Second, doing research, finding academic research to add to context helps. Here is an example of an implementation that creates trading strategies by reading research and recreating them in creative new ways. [1]
The biggest problem is the coding agents don't "Fail fast and loud". They fail deceivingly.
[0] https://github.com/adam-s/agent-tuning
[1] https://github.com/adam-s/alphadidactic
GPT 2 and 3 used to fail fast (and loud coz we could easily see it lying)
After one month working on using Claude to create trading strategies, the one thing I learned; if the strategy looks like it can profit, it is a lie. The trading strategy agent doesn't find trading strategies that work, it is really a bug hunting agent.
- deep research for papers, projects etc. I prefer ChatGPT Pro Deep Research here As it can quickly survey hundreds of sources for overall relevance
- deep dives into specific papers and projects, where an AI coding agent downloads relevant papers and projects for local analysis loops, performs technical breakdowns into essentially a markdown wiki, and then reduces over all of them into a findings report. Claude code is a bit nicer here because it supports parallel subagents well.
- iterative design phase where the agent iterates between the papers repos and our own project to refine suggestions and ideas
Fundamentally, this is both exciting, but also limiting: It's an example of 'Software Collapse' where we get to ensure best practices and good ideas from relevant communities, but the LLM is not doing the creativity here, just mashing up and helping pick.

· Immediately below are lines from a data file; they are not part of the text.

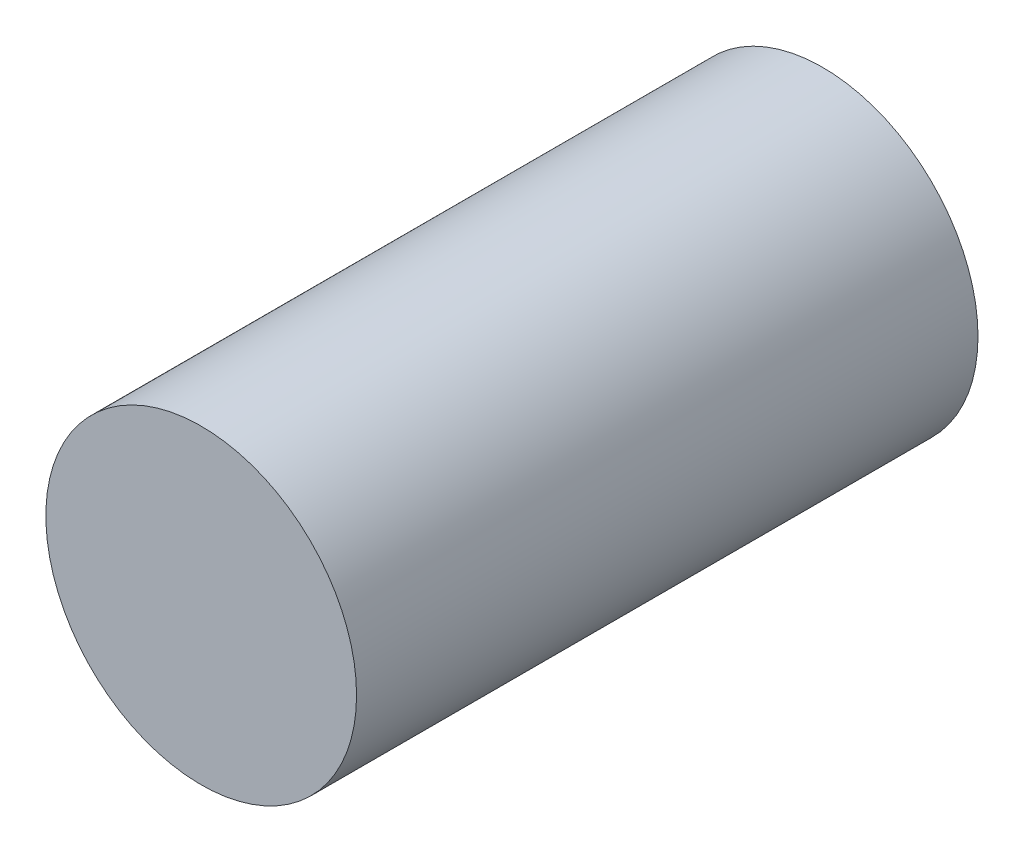
SolidWorks part; units mm, degrees
ref_plane "Plano frontal" through (0, 0, 0) normal (0, 0, 1) x (1, 0, 0)
ref_plane "Plano superior" through (0, 0, 0) normal (0, 1, 0) x (1, 0, 0)
ref_plane "Plano direito" through (0, 0, 0) normal (1, 0, 0) x (0, 0, -1)
sketch "Esboço1" plane through (0, 0, 0) normal (0, 0, 1) x (1, 0, 0)
  circle A0 centre (0, 0) radius 1.5
  dimension "D1" = 3
extrude "Ressalto-extrusão1" add sketch "Esboço1" along normal blind 6
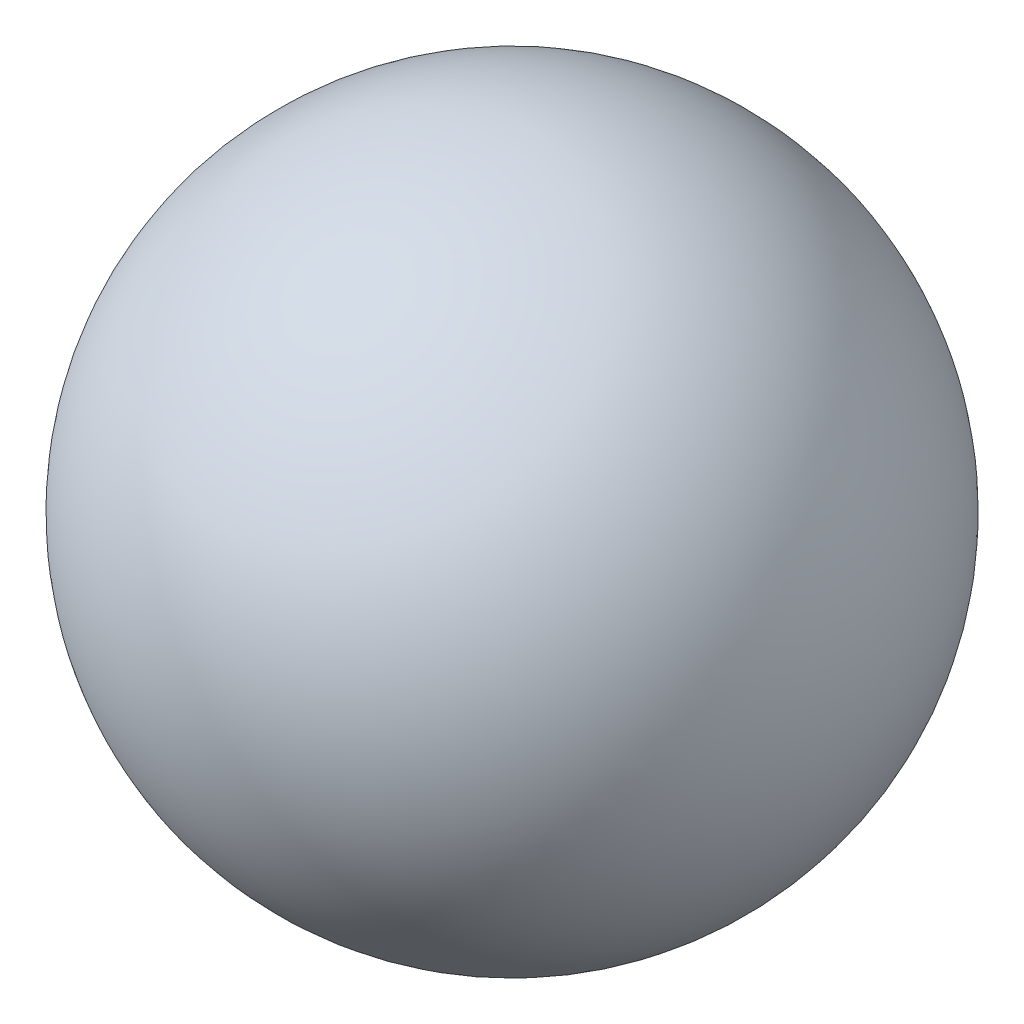
SolidWorks part; units mm, degrees
ref_plane "Plano frontal" through (0, 0, 0) normal (0, 0, 1) x (1, 0, 0)
ref_plane "Plano superior" through (0, 0, 0) normal (0, 1, 0) x (1, 0, 0)
ref_plane "Plano direito" through (0, 0, 0) normal (1, 0, 0) x (0, 0, -1)
sketch "Esboço1" plane through (0, 0, 0) normal (0, 1, 0) x (1, 0, 0)
  line L0 (0, -0.7375) -> (0, -10.2625)
  line L1 (0, -0.7375) -> (0, -10.2625) construction
  arc A0 (0, -10.2625) -> (0, -0.7375) centre (0, -5.5) ccw
revolve "Revolução1" add sketch "Esboço1" angle 360 about L1

Tools to automate the stuff seems nice. I'd expect it to be trained into the agents soon as it's not far from their existing capabilities already. Eg, 'iteratively optimize function foobar, prefer GPU literature for how.'
I see it as the solution being out there in “idea space”, and by having the agent search beforehand we can more efficiently explore this space before converging on the final solution.
Then you could just prompt it to propose options with pros and cons etc.
* Bar extremely new stuff from after the cutoff
Literally every project. If it's something that's been done a million times then that means it has good literature on it? If not, then even more important to find related stuff! And not just crunchy CS stuff like databases or compilers or whatever. Are you creating a UI? There's probably been great UI research you can base off of! Will this game loop be fun in the game you're building? There's probably been research about it!
[0]: https://github.com/ctoth/Qlatt/blob/master/papers/
Also I wonder who/what decides what papers go in there.
In the blog post, the agent is allowed to do its own search.
Claude is much faster and better at reading papers than Codex (some of this is nested skill dispatch) but they both work quite incredibly for this. Compile your set of papers, queue it up and hit /ingest-collection and go sleep, and come back to a remarkable knowledge base :)
This fits into the paradigm of finding ways to force better context engineering.
However, I'd be curious to hear back from others who have tried adding the shell script (at the end of the article) to their flow: does it (really) improve Claude?
Based on this finding, I suppose the better way is to rely on local hardware whenever possible?
> The full setup works with any project that has a benchmark and test suite.
so having a clear and measurable verification step is key. Meaning you can't simply give an AI agent a vague goal e.g. "improve the quality of the codebase" because it's too general.
We added a literature review phase to Karpathy’s autoresearch loop and pointed it at llama.cpp. The agent autonomously read arxiv papers, studied competing forks and spun up VMs to run parallel experiments.
Do you see a noticeable difference in output quality when the agent reads context first vs going straight into generation?
Feels like most tools skip that step.
> TL;DR: Coding agents generate better optimizations when they read papers and study competing projects before touching code
What made you think I hadn't read the article, let alone that TL;DR? I'm really curious. Jumping to an insulting "have you read the article" is a big step, so it'll be really interesting to see where your mind went.
Feels like most tools skip that step.